Task goal -
Pick out all lines in the listing holding the string "body" and copy them.

==== Data for this task

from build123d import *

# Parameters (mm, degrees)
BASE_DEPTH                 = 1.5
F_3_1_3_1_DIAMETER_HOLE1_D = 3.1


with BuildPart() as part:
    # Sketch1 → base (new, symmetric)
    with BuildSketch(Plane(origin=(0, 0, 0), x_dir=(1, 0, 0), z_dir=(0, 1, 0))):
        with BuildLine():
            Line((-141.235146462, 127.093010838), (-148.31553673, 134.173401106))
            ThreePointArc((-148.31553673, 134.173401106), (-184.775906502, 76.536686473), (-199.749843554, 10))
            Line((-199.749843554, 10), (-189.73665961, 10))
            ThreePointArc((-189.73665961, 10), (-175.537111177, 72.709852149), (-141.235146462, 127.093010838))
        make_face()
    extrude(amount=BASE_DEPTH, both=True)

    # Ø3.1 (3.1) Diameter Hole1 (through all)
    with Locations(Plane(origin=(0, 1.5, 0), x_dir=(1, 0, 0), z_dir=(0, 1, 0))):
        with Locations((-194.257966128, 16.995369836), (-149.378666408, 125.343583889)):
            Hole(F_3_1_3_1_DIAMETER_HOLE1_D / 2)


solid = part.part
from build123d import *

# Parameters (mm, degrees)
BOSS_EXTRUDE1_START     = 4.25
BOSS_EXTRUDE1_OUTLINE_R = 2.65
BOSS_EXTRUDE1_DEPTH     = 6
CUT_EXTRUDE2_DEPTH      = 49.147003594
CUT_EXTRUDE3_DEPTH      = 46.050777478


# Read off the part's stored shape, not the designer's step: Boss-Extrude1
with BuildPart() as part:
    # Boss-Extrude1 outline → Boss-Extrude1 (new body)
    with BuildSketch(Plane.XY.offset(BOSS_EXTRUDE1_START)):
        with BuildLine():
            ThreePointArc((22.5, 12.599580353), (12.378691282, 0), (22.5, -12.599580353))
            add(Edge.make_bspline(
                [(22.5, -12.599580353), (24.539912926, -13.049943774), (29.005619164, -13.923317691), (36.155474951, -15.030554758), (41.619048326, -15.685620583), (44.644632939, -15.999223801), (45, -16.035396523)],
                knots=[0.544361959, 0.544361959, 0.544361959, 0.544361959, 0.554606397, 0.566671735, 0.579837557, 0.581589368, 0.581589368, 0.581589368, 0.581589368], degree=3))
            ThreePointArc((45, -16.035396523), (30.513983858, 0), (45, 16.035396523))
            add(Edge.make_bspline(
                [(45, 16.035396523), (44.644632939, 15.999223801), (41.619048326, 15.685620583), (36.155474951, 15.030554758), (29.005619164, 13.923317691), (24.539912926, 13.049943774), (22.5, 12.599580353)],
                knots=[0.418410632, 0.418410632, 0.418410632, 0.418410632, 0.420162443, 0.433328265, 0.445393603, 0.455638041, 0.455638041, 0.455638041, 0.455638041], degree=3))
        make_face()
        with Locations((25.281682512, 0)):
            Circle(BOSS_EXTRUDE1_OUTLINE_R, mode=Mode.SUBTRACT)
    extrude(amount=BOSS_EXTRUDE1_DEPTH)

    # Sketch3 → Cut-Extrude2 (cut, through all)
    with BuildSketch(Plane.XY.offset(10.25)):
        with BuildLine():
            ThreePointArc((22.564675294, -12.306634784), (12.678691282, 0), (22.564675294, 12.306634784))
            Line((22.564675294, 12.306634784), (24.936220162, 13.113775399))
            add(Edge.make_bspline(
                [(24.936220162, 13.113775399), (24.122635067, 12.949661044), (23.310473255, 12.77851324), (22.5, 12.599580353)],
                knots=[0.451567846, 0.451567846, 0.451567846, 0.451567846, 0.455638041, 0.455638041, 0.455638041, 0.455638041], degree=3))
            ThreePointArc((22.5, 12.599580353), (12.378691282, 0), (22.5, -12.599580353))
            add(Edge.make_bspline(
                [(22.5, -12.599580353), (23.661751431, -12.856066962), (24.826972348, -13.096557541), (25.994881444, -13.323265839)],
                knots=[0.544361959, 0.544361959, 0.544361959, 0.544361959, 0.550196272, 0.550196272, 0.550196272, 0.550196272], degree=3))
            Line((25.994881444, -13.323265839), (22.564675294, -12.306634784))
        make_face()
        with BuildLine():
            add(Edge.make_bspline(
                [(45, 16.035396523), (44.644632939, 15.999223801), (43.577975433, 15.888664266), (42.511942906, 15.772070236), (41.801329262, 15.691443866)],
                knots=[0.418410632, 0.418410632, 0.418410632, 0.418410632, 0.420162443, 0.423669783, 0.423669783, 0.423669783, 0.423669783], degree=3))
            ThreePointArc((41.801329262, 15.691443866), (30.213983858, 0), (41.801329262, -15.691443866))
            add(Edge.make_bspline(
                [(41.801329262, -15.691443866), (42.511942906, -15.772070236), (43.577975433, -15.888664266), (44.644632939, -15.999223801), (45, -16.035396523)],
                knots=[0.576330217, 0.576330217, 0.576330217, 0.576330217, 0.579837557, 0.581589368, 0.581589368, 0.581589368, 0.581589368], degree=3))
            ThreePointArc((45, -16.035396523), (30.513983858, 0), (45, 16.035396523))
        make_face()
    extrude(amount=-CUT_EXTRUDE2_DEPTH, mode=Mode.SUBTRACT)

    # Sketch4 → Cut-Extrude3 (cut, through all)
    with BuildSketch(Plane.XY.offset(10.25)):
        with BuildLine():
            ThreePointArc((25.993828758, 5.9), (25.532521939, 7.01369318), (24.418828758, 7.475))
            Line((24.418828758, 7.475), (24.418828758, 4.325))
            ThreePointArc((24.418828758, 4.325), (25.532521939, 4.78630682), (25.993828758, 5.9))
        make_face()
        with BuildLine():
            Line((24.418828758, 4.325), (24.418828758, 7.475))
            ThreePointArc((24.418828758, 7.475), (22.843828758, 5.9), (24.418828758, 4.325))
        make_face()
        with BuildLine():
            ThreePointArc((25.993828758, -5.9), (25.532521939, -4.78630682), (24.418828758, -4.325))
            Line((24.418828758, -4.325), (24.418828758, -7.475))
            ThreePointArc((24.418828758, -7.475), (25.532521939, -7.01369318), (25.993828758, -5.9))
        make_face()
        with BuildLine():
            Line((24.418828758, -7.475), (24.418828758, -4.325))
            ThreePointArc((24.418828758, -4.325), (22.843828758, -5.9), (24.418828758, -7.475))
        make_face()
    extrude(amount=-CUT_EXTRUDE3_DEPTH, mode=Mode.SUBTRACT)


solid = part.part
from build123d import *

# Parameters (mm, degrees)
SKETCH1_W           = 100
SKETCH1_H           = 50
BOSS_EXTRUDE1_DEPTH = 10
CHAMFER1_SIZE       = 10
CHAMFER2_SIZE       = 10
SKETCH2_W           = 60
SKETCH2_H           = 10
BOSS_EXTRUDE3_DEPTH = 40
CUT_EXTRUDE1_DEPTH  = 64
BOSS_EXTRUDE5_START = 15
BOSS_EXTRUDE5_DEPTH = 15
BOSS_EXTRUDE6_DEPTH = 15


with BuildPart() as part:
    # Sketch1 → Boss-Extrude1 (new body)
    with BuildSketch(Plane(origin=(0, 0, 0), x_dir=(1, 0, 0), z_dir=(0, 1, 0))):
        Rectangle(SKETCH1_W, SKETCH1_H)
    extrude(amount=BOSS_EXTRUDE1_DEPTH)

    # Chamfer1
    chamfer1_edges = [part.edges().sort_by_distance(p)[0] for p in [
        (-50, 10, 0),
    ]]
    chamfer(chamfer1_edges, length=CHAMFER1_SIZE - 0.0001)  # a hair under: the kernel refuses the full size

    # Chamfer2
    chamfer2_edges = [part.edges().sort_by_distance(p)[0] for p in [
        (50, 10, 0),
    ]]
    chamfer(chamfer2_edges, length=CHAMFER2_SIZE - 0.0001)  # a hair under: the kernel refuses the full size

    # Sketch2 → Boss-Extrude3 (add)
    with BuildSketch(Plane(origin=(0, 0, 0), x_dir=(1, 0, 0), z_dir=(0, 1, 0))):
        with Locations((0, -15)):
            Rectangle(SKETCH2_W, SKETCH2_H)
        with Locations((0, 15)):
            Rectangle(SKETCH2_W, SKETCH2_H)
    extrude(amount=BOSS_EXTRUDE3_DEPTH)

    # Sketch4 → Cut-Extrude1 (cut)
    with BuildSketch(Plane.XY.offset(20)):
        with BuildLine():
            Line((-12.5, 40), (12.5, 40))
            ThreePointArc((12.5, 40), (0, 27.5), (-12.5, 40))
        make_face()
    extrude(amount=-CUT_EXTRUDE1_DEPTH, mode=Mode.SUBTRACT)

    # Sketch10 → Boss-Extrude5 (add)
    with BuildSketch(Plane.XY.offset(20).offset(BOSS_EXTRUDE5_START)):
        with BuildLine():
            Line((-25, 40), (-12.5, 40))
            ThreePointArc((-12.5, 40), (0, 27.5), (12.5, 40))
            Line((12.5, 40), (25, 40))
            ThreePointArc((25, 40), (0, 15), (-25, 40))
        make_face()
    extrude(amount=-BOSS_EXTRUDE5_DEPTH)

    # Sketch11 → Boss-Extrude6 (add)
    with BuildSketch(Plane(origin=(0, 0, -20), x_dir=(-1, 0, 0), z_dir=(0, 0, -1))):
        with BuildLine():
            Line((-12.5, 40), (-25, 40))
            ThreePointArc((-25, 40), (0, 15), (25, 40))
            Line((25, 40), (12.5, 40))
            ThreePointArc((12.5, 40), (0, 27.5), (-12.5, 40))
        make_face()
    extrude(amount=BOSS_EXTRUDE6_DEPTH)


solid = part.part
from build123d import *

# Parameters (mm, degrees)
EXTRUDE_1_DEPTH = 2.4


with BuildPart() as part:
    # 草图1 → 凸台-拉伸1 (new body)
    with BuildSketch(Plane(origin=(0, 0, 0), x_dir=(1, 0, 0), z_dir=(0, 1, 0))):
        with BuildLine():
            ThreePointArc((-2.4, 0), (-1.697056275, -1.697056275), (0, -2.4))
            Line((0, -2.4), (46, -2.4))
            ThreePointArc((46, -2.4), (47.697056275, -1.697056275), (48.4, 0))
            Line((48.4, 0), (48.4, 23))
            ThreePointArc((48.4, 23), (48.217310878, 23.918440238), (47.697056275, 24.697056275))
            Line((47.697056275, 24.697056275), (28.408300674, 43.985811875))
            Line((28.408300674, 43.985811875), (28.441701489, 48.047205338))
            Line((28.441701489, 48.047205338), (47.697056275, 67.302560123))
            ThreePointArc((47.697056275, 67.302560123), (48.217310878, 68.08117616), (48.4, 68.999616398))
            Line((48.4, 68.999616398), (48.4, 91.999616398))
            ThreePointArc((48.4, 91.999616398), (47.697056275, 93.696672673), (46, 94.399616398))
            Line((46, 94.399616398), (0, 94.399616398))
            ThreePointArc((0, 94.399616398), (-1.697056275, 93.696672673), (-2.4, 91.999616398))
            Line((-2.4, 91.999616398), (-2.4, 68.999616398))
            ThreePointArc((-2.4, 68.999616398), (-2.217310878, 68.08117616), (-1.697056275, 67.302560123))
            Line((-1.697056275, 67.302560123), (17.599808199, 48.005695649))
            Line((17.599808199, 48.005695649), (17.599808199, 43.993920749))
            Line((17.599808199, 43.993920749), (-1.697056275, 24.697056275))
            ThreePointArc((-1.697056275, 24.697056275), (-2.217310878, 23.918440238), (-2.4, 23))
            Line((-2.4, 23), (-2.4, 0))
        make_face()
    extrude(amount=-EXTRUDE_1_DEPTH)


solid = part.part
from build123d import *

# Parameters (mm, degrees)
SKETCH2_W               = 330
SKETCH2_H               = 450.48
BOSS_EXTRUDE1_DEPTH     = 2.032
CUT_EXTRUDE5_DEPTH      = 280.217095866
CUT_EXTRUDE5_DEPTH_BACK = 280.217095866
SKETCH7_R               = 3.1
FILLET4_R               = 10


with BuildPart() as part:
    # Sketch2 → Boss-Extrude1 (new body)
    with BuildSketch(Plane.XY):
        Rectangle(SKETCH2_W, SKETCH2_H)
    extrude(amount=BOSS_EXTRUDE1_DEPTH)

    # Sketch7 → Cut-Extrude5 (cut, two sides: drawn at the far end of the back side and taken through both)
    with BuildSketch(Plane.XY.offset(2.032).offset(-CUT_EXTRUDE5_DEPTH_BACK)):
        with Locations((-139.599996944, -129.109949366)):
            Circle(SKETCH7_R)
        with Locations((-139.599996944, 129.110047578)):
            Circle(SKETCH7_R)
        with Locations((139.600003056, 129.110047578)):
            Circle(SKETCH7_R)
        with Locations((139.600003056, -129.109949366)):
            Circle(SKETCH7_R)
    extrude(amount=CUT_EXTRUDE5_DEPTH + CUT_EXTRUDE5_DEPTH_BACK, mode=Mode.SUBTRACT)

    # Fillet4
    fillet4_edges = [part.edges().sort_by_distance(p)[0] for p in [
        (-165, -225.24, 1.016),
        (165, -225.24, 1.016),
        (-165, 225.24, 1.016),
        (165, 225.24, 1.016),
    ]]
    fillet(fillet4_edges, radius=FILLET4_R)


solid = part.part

========

Problem solution -
    # Boss-Extrude1 outline → Boss-Extrude1 (new body)
    # Sketch1 → Boss-Extrude1 (new body)
    # 草图1 → 凸台-拉伸1 (new body)
    # Sketch2 → Boss-Extrude1 (new body)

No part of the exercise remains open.